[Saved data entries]
<<<<

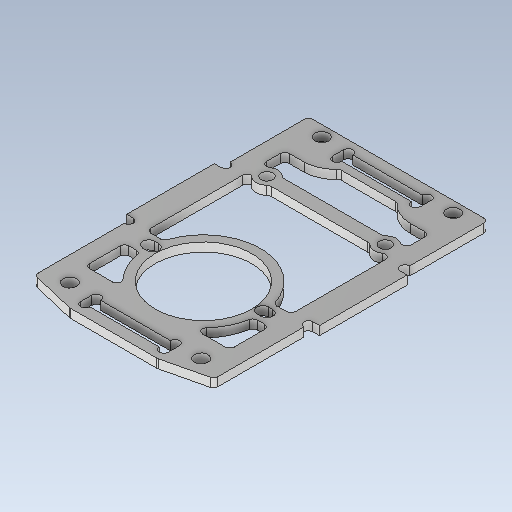
# Autodesk Inventor part: Trunk_horizontal_frame_03
Saved by Autodesk Inventor 2020.4 (Build 244396000, 396)
## iProperties
Created: 2021-09-09
Part Number: Trunk_horizontal_frame_03
Material: アルミニウム 2014-T4
Document SubType Name: Modeling
Designer: Masato Kubotera
Density: 2.8 g/cm^3
Appearance: 滑らか - 淡い灰色
Description: A2017 T2
Author: Masato Kubotera
Autodesk Inventor part; units mm, degrees
ref_plane "YZ Plane" through (0, 0, 0) normal (1, 0, 0) x (0, 1, 0)
ref_plane "XZ Plane" through (0, 0, 0) normal (0, 1, 0) x (-1, 0, 0)
ref_plane "XY Plane" through (0, 0, 0) normal (0, 0, 1) x (1, 0, 0)
sketch "スケッチ1" plane through (0, 0, 0) normal (0, 0, 1) x (1, 0, 0)
  circle A0 centre (0, 0) radius 11
  line L0 (-20.5, -24.5) -> (-22, -24.5)
  line L1 (-22, -24.5) -> (-22, -4.5)
  line L2 (-22, -4.5) -> (-20.5, -4.5)
  circle A1 centre (-13.5, -28) radius 1.35
  arc A2 (-20.5, -26.6) -> (-20.5, -24.5) centre (-20.5, -25.55) ccw
  arc A3 (-20.5, -4.5) -> (-20.5, -2.4) centre (-20.5, -3.45) ccw
  arc A4 (-7.6649, 10.5) -> (-12.9132, 1.5) centre (0, 0) ccw
  arc A5 (-12.52, -3.5) -> (12.52, -3.5) centre (0, 0) ccw
  arc A6 (-11.5, -26.5) -> (-15.5, -26.5) centre (-13.5, -28) ccw
  line L3 (-16.5, 10.5) -> (-7.6649, 10.5)
  line L4 (-16.5, 10.5) -> (-16.5, 1.5)
  line L5 (-16.5, 1.5) -> (-12.9132, 1.5)
  line L6 (-16.5, -3.5) -> (-12.52, -3.5)
  line L7 (-16.5, -3.5) -> (-16.5, -26.5)
  line L8 (-35, -44.5) -> (35, -44.5) construction
  line L9 (35, -44.5) -> (35, -39.5) construction
  line L10 (35, -39.5) -> (-35, -39.5) construction
  line L11 (-35, -39.5) -> (-35, -44.5) construction
  line L12 (-35, -44.5) -> (35, -39.5) construction
  line L13 (35, -44.5) -> (-35, -39.5) construction
  line L14 (-35, -42) -> (35, -42) construction
  line L15 (0, -44.5) -> (0, 20.5) construction
  line L16 (-10, 20.5) -> (10, 20.5)
  line L17 (-20.5, -44.5) -> (20.5, -44.5)
  line L18 (-13.5, -1) -> (0, -1) construction
  line L19 (-13.5, -28) -> (-13.5, -1) construction
  circle A7 centre (-15, -42) radius 1.55
  line L20 (-10, -42) -> (10, -42) construction
  line L21 (10, -42) -> (10, -39.5) construction
  line L22 (-10, -39.5) -> (-10, -42) construction
  line L23 (-10, -42) -> (10, -39.5) construction
  line L24 (10, -42) -> (-10, -39.5) construction
  line L25 (-20.5, -26.6) -> (-20.5, -44.5)
  line L26 (-20.5, -2.4) -> (-20.5, 18)
  line L27 (-20.5, 18) -> (-10, 20.5)
  line L28 (-10.01, -42.01) -> (10.01, -42.01)
  line L29 (10.01, -42.01) -> (10.01, -39.49)
  line L30 (10.01, -39.49) -> (-10.01, -39.49)
  line L31 (-10.01, -39.49) -> (-10.01, -42.01)
  line L32 (-10.01, -42.01) -> (10.01, -39.49) construction
  line L33 (10.01, -42.01) -> (-10.01, -39.49) construction
  line L34 (-10.01, -40.75) -> (10.01, -40.75) construction
  arc A8 (-10.01, -42.01) -> (-7.91, -42.01) centre (-8.96, -42.01) ccw
  arc A9 (-7.91, -39.49) -> (-10.01, -39.49) centre (-8.96, -39.49) ccw
  line L35 (-35, 13) -> (35, 13) construction
  line L36 (35, 13) -> (35, 18) construction
  line L37 (35, 18) -> (-35, 18) construction
  line L38 (-35, 18) -> (-35, 13) construction
  line L39 (-35, 13) -> (35, 18) construction
  line L40 (35, 13) -> (-35, 18) construction
  line L41 (-35, 15.5) -> (35, 15.5) construction
  circle A10 centre (-15, 15.5) radius 1.55
  line L42 (-10, 15.5) -> (10, 15.5) construction
  line L43 (10, 15.5) -> (10, 18) construction
  line L44 (-10, 18) -> (-10, 15.5) construction
  line L45 (-10, 15.5) -> (10, 18) construction
  line L46 (10, 15.5) -> (-10, 18) construction
  line L47 (-10.01, 15.49) -> (10.01, 15.49)
  line L48 (10.01, 15.49) -> (10.01, 18.01)
  line L49 (10.01, 18.01) -> (-10.01, 18.01)
  line L50 (-10.01, 18.01) -> (-10.01, 15.49)
  line L51 (-10.01, 15.49) -> (10.01, 18.01) construction
  line L52 (10.01, 15.49) -> (-10.01, 18.01) construction
  line L53 (-10.01, 16.75) -> (10.01, 16.75) construction
  arc A11 (-10.01, 15.49) -> (-7.91, 15.49) centre (-8.96, 15.49) ccw
  arc A12 (-7.91, 18.01) -> (-10.01, 18.01) centre (-8.96, 18.01) ccw
  line L54 (20.5, -24.5) -> (22, -24.5)
  line L55 (22, -24.5) -> (22, -4.5)
  line L56 (22, -4.5) -> (20.5, -4.5)
  circle A13 centre (13.5, -28) radius 1.35
  arc A14 (20.5, -24.5) -> (20.5, -26.6) centre (20.5, -25.55) ccw
  arc A15 (20.5, -2.4) -> (20.5, -4.5) centre (20.5, -3.45) ccw
  line L57 (16.5, -26.5) -> (15.5, -26.5)
  line L58 (16.5, -3.5) -> (16.5, -26.5)
  arc A16 (15.5, -26.5) -> (11.5, -26.5) centre (13.5, -28) ccw
  arc A17 (12.9132, 1.5) -> (7.6649, 10.5) centre (0, 0) ccw
  line L59 (16.5, 1.5) -> (12.9132, 1.5)
  line L60 (16.5, 10.5) -> (16.5, 1.5)
  line L61 (16.5, 10.5) -> (7.6649, 10.5)
  line L62 (16.5, -3.5) -> (12.52, -3.5)
  circle A18 centre (15, -42) radius 1.55
  line L63 (20.5, -26.6) -> (20.5, -44.5)
  line L64 (20.5, -2.4) -> (20.5, 18)
  line L65 (20.5, 18) -> (10, 20.5)
  arc A19 (7.91, -42.01) -> (10.01, -42.01) centre (8.96, -42.01) ccw
  arc A20 (10.01, -39.49) -> (7.91, -39.49) centre (8.96, -39.49) ccw
  arc A21 (10.01, 18.01) -> (7.91, 18.01) centre (8.96, 18.01) ccw
  arc A22 (7.91, 15.49) -> (10.01, 15.49) centre (8.96, 15.49) ccw
  circle A23 centre (15, 15.5) radius 1.55
  circle A24 centre (-13.5, -1) radius 2.5 construction
  line L66 (-16.5, -26.5) -> (-15.5, -26.5)
  line L67 (-20.5, -28) -> (0, -28) construction
  line L68 (-11.5, -26.5) -> (11.5, -26.5)
  arc A25 (-15.5, -29.5) -> (-11.5, -29.5) centre (-13.5, -28) ccw
  arc A26 (11.5, -29.5) -> (15.5, -29.5) centre (13.5, -28) ccw
  line L69 (16.5, -29.5) -> (15.5, -29.5)
  line L70 (-16.5, -29.5) -> (-15.5, -29.5)
  line L71 (-11.5, -29.5) -> (11.5, -29.5)
  line L72 (-16.5, -29.5) -> (-16.5, -35.0667)
  line L73 (-16.5, -35.0667) -> (-12.0888, -35.0667)
  line L74 (-6.65, -37.7) -> (6.65, -37.7)
  line L75 (-16.5, -31) -> (0, -31) construction
  arc A27 (-6.65, -37.7) -> (-12.0888, -35.0667) centre (-12.0888, -42) ccw
  line L76 (16.5, -35.0667) -> (12.0888, -35.0667)
  arc A28 (12.0888, -35.0667) -> (6.65, -37.7) centre (12.0888, -42) ccw
  line L77 (16.5, -29.5) -> (16.5, -35.0667)
  line L78 (-22, -14.5) -> (-13.5, -14.5) construction
  arc A29 (-12.5, -2.35) -> (-12.5, 0.35) centre (-12.5, -1) ccw
  line L79 (-13.5, -2.35) -> (-12.5, -2.35)
  line L80 (-12.5, 0.35) -> (-13.5, 0.35)
  arc A30 (-13.5, 0.35) -> (-13.5, -2.35) centre (-13.5, -1) ccw
  arc A31 (12.5, 0.35) -> (12.5, -2.35) centre (12.5, -1) ccw
  line L81 (13.5, -2.35) -> (12.5, -2.35)
  line L82 (12.5, 0.35) -> (13.5, 0.35)
  arc A32 (13.5, -2.35) -> (13.5, 0.35) centre (13.5, -1) ccw
  circle A33 centre (-30.4504, -28) radius 2.4 construction
  point P0 (0, -42)
  point P1 (0, -40.75)
  point P2 (0, -42)
  point P3 (0, 15.5)
  point P4 (0, 16.75)
  point P5 (0, 15.5)
  point P6 (0, 15.5)
  point P7 (0, 16.75)
  point P8 (7.91, -42.01)
  point P9 (7.91, 15.49)
  point P10 (7.91, 18.01)
  dimension "d0" = 22
  dimension "d38" = 1.5
  dimension "d39" = 20
  dimension "d151" = 1.05
  dimension "d152" = 1.05
  dimension "d171" = 70
  dimension "d172" = 5
  dimension "d173" = 1
  dimension "d176" = 20
  dimension "d177" = 2.5
  dimension "d178" = 2
  dimension "d179" = 2
  dimension "d180" = 1.05
  dimension "d181" = 0.01
  dimension "d182" = 0.01
  dimension "d183" = 3.1
  dimension "d184" = 70
  dimension "d185" = 5
  dimension "d186" = 20
  dimension "d187" = 2.5
  dimension "d188" = 1.05
  dimension "d189" = 0.01
  dimension "d190" = 0.01
  dimension "d191" = 3.1
  dimension "d192" = 52.5
  dimension "d193" = 2.5
  dimension "d194" = 13
  dimension "d195" = 30
  dimension "d196" = 30
  dimension "d197" = 41
  dimension "d198" = 27
  dimension "d199" = 2.7
  dimension "d200" = 2.5
  dimension "d201" = 2.5
  dimension "d202" = 4
  dimension "d204" = 5
  dimension "d205" = 3
  dimension "d206" = 3
  dimension "d207" = 4.0667
  dimension "d208" = 6.7
  dimension "d211" = 13.3
  dimension "d213" = 2.7
  dimension "d214" = 27
  dimension "d215" = 1
  dimension "d216" = 4.8
  dimension "d217" = 13.5
  constraints: 166 end point, 50 point on circle, 39 horizontal alignment, 34 centre point, 28 midpoint, 24 point on line, 16 horizontal, 13 equal radius, 11 parallel, 11 perpendicular, 10 symmetric about line, 9 tangent, 6 vertical, 4 coincident, 4 collinear, 3 concentric, 15 other
  measures "d0" diameter of A0
  measures "d38" distance of L0.start L0.end
  measures "d39" distance of L0.end L1.end
  measures "d151" radius of A2
  measures "d152" radius of A3
  measures "d171" distance of L10.end L9.end
  measures "d172" distance of L9.end L8.end
  measures "d173" distance of A4.centre L18.end
  measures "d176" distance of L22.start L21.end
  measures "d177" distance of L21.end L20.end
  measures "d178" radial gap between concentric circles of A0 A5
  measures "d179" radial gap between concentric circles of A0 A4
  measures "d180" radius of A8
  measures "d181" horizontal distance of L22.start L30.end
  measures "d182" horizontal distance of L22.start L30.end
  measures "d183" diameter of A7
  measures "d184" distance of L37.end L36.end
  measures "d185" distance of L36.end L35.end
  measures "d186" distance of L46.end L43.end
  measures "d187" distance of L43.end L42.end
  measures "d188" radius of A11
  measures "d189" horizontal distance of L46.end L49.end
  measures "d190" horizontal distance of L46.end L49.end
  measures "d191" diameter of A10
  measures "d192" distance of L35.start L10.end
  measures "d193" distance from line of point (0, 20.5) L37
  measures "d194" distance from line of L35 point (0, 0)
  measures "d195" distance of A18.centre A7.centre
  measures "d196" distance of A23.centre A10.centre
  measures "d197" distance of L17.end L17.start
  measures "d198" distance of A16.centre A1.centre
  measures "d199" diameter of A1
  measures "d200" radius of A6
  measures "d201" distance between parallel lines of L35 L3
  measures "d202" horizontal distance of L4.start L26.end
  measures "d204" diameter of A24
  measures "d205" distance of L7.end L70.start
  measures "d206" distance from line of A1.centre L75
  measures "d207" distance of L72.end L75.start
  measures "d208" distance between parallel lines of L75 L74
  measures "d211" distance of L74.start L74.end
  measures "d213" diameter of A29
  measures "d214" distance of L19.start L18.start
  measures "d215" distance of A24.centre A29.centre
  measures "d216" diameter of A33
  measures "d217" vertical distance of A33.centre L78.start
extrude "押し出し1" add sketch "スケッチ1" along normal blind 2
fillet "フィレット1" radius 1 6 edges at (-20.5, -44.5, 1) (20.5, -44.5, 1) (20.5, 18, 1) (-20.5, 18, 1) (-10, 20.5, 1) (10, 20.5, 1)
fillet "フィレット2" radius 1 27 edges at (-16.5, -35.0667, 1) (-6.65, -37.7, 1) (6.65, -37.7, 1) (16.5, -35.0667, 1) (16.5, -29.5, 1) (16.5, -26.5, 1) (11.5, -26.5, 1) (11.5, -29.5, 1) (-11.5, -26.5, 1) (-11.5, -29.5, 1) (-15.5, -26.5, 1) (-15.5, -29.5, 1) (-16.5, -29.5, 1) (-16.5, -26.5, 1) (-16.5, -3.5, 1) (-12.52, -3.5, 1) (-12.9132, 1.5, 1) (-16.5, 1.5, 1) (12.52, -3.5, 1) (16.5, -3.5, 1) (16.5, 1.5, 1) (12.9132, 1.5, 1) (-7.6649, 10.5, 1) (-16.5, 10.5, 1) (7.6649, 10.5, 1) (16.5, 10.5, 1) (15.5, -29.5, 1)

>>>>

=== Your assignment ===
Starting at the line that contains "arc A20 (10.01, -39.49)" and stopping after the line that contains "arc A30 (-13.5, 0.35)", write out every line exactly as it appears above, and no other line.

=== Task solution ===
  arc A20 (10.01, -39.49) -> (7.91, -39.49) centre (8.96, -39.49) ccw
  arc A21 (10.01, 18.01) -> (7.91, 18.01) centre (8.96, 18.01) ccw
  arc A22 (7.91, 15.49) -> (10.01, 15.49) centre (8.96, 15.49) ccw
  circle A23 centre (15, 15.5) radius 1.55
  circle A24 centre (-13.5, -1) radius 2.5 construction
  line L66 (-16.5, -26.5) -> (-15.5, -26.5)
  line L67 (-20.5, -28) -> (0, -28) construction
  line L68 (-11.5, -26.5) -> (11.5, -26.5)
  arc A25 (-15.5, -29.5) -> (-11.5, -29.5) centre (-13.5, -28) ccw
  arc A26 (11.5, -29.5) -> (15.5, -29.5) centre (13.5, -28) ccw
  line L69 (16.5, -29.5) -> (15.5, -29.5)
  line L70 (-16.5, -29.5) -> (-15.5, -29.5)
  line L71 (-11.5, -29.5) -> (11.5, -29.5)
  line L72 (-16.5, -29.5) -> (-16.5, -35.0667)
  line L73 (-16.5, -35.0667) -> (-12.0888, -35.0667)
  line L74 (-6.65, -37.7) -> (6.65, -37.7)
  line L75 (-16.5, -31) -> (0, -31) construction
  arc A27 (-6.65, -37.7) -> (-12.0888, -35.0667) centre (-12.0888, -42) ccw
  line L76 (16.5, -35.0667) -> (12.0888, -35.0667)
  arc A28 (12.0888, -35.0667) -> (6.65, -37.7) centre (12.0888, -42) ccw
  line L77 (16.5, -29.5) -> (16.5, -35.0667)
  line L78 (-22, -14.5) -> (-13.5, -14.5) construction
  arc A29 (-12.5, -2.35) -> (-12.5, 0.35) centre (-12.5, -1) ccw
  line L79 (-13.5, -2.35) -> (-12.5, -2.35)
  line L80 (-12.5, 0.35) -> (-13.5, 0.35)
  arc A30 (-13.5, 0.35) -> (-13.5, -2.35) centre (-13.5, -1) ccw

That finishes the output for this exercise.